Materials provided:
——————

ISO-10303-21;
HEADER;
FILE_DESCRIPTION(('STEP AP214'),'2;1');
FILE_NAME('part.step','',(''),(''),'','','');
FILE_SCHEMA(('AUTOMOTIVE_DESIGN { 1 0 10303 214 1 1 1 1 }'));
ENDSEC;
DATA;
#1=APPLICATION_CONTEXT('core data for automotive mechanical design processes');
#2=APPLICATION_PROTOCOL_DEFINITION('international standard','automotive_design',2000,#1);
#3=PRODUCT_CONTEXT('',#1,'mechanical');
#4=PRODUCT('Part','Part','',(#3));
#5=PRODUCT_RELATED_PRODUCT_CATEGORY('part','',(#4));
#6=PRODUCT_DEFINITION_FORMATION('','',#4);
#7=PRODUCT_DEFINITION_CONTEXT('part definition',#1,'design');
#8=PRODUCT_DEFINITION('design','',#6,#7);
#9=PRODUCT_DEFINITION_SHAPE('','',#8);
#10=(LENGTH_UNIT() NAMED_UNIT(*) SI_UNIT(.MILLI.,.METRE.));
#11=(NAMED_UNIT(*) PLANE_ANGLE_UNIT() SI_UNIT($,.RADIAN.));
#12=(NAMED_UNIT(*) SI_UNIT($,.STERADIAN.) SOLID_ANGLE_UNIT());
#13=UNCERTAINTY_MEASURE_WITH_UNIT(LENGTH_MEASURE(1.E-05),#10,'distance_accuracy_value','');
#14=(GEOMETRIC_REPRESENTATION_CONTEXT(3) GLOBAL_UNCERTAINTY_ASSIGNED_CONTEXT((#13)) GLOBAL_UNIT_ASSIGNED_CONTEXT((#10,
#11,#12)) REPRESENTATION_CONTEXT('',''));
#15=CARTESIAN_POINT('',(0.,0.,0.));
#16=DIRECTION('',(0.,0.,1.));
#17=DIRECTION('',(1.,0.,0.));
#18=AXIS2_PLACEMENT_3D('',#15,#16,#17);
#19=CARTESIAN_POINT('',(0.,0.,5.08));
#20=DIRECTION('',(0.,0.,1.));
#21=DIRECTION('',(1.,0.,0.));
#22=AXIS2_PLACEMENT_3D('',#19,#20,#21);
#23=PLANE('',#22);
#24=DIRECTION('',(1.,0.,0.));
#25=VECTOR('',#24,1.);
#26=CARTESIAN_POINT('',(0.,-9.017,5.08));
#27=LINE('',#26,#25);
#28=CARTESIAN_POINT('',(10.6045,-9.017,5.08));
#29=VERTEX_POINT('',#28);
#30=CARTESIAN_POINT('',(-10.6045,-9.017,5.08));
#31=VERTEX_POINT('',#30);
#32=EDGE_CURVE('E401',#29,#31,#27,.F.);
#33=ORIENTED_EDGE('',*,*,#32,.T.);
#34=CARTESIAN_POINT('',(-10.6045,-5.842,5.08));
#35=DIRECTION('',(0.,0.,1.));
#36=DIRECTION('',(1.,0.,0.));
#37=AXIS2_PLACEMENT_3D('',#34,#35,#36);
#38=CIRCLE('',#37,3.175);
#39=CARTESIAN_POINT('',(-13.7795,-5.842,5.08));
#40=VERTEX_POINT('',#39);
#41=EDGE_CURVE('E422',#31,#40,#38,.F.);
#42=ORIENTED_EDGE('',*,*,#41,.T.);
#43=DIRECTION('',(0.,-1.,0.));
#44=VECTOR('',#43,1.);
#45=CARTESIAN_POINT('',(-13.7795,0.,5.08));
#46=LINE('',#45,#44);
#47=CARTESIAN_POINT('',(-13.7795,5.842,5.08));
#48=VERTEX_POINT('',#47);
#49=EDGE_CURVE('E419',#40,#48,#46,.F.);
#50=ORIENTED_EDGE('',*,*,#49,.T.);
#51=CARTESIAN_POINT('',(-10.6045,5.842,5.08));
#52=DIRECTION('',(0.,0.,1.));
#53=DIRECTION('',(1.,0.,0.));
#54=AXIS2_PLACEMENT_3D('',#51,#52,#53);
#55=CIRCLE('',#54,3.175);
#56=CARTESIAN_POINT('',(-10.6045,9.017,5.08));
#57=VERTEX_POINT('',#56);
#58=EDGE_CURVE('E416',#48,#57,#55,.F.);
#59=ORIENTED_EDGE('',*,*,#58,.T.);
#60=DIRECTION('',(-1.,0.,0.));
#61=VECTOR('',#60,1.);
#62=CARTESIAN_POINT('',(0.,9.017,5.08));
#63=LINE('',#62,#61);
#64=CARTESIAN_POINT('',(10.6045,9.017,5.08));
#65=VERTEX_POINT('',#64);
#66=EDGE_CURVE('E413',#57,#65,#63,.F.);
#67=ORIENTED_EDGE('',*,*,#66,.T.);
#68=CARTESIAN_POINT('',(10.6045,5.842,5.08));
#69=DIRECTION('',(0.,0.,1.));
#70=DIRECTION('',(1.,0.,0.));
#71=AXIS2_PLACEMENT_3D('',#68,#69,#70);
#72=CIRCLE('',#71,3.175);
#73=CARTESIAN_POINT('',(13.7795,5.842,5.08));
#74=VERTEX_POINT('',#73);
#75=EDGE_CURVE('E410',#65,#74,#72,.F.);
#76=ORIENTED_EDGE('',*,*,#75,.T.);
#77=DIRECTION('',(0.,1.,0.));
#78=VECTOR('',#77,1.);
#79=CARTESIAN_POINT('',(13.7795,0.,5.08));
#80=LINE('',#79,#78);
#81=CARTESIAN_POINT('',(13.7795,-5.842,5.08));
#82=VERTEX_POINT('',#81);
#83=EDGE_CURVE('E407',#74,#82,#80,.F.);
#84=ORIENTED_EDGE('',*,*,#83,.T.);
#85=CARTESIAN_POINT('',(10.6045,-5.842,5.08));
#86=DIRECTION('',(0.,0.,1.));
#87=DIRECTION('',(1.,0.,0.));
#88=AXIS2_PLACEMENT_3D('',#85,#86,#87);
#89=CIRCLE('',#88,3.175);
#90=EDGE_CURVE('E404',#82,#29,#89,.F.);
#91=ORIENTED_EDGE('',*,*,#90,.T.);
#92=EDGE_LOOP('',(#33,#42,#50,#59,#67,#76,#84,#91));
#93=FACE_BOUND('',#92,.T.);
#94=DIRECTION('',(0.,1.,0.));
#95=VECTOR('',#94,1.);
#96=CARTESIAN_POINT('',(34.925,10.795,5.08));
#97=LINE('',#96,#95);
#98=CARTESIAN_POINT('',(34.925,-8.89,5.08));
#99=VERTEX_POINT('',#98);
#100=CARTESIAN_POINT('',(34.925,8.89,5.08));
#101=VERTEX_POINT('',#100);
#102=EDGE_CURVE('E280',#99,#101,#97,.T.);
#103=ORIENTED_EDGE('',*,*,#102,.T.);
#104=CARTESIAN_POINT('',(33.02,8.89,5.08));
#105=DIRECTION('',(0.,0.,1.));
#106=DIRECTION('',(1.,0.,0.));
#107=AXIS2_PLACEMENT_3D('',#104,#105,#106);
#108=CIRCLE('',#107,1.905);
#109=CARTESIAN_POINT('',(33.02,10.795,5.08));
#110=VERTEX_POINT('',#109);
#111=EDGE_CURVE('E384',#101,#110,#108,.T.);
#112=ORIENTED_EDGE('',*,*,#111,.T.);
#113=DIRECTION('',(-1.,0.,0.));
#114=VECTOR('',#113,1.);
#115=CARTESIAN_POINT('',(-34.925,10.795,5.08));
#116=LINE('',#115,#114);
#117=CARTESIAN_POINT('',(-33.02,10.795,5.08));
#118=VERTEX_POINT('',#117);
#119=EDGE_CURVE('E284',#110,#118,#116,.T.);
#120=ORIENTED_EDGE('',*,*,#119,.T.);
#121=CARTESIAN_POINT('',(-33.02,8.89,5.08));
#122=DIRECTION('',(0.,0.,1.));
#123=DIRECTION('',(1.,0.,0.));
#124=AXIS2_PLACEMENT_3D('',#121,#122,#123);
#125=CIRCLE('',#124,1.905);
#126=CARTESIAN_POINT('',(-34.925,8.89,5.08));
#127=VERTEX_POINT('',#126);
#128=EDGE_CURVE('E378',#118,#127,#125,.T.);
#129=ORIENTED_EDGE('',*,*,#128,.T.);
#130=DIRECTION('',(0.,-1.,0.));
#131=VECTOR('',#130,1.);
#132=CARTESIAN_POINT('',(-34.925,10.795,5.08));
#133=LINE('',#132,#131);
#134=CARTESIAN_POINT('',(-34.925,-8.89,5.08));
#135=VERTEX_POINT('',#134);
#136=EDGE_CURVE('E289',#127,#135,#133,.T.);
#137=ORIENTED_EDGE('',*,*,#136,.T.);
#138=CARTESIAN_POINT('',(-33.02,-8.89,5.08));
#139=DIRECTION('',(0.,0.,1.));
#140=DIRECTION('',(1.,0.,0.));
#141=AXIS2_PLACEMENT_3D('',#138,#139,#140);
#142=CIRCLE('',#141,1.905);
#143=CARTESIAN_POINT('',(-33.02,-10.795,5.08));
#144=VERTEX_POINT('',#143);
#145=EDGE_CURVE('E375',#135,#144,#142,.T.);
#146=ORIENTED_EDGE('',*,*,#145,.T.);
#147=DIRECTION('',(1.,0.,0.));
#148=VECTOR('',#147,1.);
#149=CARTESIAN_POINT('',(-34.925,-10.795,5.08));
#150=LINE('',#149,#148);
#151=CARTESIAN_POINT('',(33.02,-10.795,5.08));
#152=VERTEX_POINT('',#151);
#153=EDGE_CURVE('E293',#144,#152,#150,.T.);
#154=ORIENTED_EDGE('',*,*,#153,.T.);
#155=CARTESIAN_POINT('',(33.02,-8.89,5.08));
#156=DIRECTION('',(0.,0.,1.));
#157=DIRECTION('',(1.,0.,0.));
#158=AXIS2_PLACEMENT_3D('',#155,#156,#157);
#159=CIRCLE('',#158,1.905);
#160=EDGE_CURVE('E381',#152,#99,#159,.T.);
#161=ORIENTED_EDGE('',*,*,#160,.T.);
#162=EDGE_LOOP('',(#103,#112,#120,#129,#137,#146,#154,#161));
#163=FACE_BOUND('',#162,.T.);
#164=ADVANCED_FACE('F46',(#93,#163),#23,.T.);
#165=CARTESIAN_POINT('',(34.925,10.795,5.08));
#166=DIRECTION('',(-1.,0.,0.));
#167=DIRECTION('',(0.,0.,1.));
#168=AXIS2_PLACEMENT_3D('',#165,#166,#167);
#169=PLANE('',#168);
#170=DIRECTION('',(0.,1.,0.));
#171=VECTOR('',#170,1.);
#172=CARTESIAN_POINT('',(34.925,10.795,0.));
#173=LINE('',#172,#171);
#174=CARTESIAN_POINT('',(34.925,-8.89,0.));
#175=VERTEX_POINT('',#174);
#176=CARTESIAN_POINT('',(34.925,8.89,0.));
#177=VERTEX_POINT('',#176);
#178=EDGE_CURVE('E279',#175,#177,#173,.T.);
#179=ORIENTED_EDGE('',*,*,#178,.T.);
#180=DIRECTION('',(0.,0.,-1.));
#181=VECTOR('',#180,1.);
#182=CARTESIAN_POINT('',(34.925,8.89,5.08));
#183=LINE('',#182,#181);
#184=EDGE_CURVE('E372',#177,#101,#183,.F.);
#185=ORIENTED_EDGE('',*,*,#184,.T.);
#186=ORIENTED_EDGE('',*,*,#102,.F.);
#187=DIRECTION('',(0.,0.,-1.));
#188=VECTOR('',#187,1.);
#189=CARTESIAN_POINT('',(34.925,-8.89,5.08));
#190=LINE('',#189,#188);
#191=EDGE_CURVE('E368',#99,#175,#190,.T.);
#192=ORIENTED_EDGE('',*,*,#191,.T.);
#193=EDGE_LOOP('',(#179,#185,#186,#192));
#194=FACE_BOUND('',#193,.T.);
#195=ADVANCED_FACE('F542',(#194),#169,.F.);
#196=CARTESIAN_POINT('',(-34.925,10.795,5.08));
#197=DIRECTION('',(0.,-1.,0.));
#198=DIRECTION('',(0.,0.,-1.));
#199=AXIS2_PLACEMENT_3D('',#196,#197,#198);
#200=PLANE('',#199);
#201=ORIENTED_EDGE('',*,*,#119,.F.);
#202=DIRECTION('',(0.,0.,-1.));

——————

Requirement:
With the line holding "#169=PLANE('',#168);" as the first and the line holding "#193=EDGE_LOOP('',(#179,#185,#186,#192));" as the last, please transcribe exactly the lines of the material above in that range and nothing else.

Output of the task:
#169=PLANE('',#168);
#170=DIRECTION('',(0.,1.,0.));
#171=VECTOR('',#170,1.);
#172=CARTESIAN_POINT('',(34.925,10.795,0.));
#173=LINE('',#172,#171);
#174=CARTESIAN_POINT('',(34.925,-8.89,0.));
#175=VERTEX_POINT('',#174);
#176=CARTESIAN_POINT('',(34.925,8.89,0.));
#177=VERTEX_POINT('',#176);
#178=EDGE_CURVE('E279',#175,#177,#173,.T.);
#179=ORIENTED_EDGE('',*,*,#178,.T.);
#180=DIRECTION('',(0.,0.,-1.));
#181=VECTOR('',#180,1.);
#182=CARTESIAN_POINT('',(34.925,8.89,5.08));
#183=LINE('',#182,#181);
#184=EDGE_CURVE('E372',#177,#101,#183,.F.);
#185=ORIENTED_EDGE('',*,*,#184,.T.);
#186=ORIENTED_EDGE('',*,*,#102,.F.);
#187=DIRECTION('',(0.,0.,-1.));
#188=VECTOR('',#187,1.);
#189=CARTESIAN_POINT('',(34.925,-8.89,5.08));
#190=LINE('',#189,#188);
#191=EDGE_CURVE('E368',#99,#175,#190,.T.);
#192=ORIENTED_EDGE('',*,*,#191,.T.);
#193=EDGE_LOOP('',(#179,#185,#186,#192));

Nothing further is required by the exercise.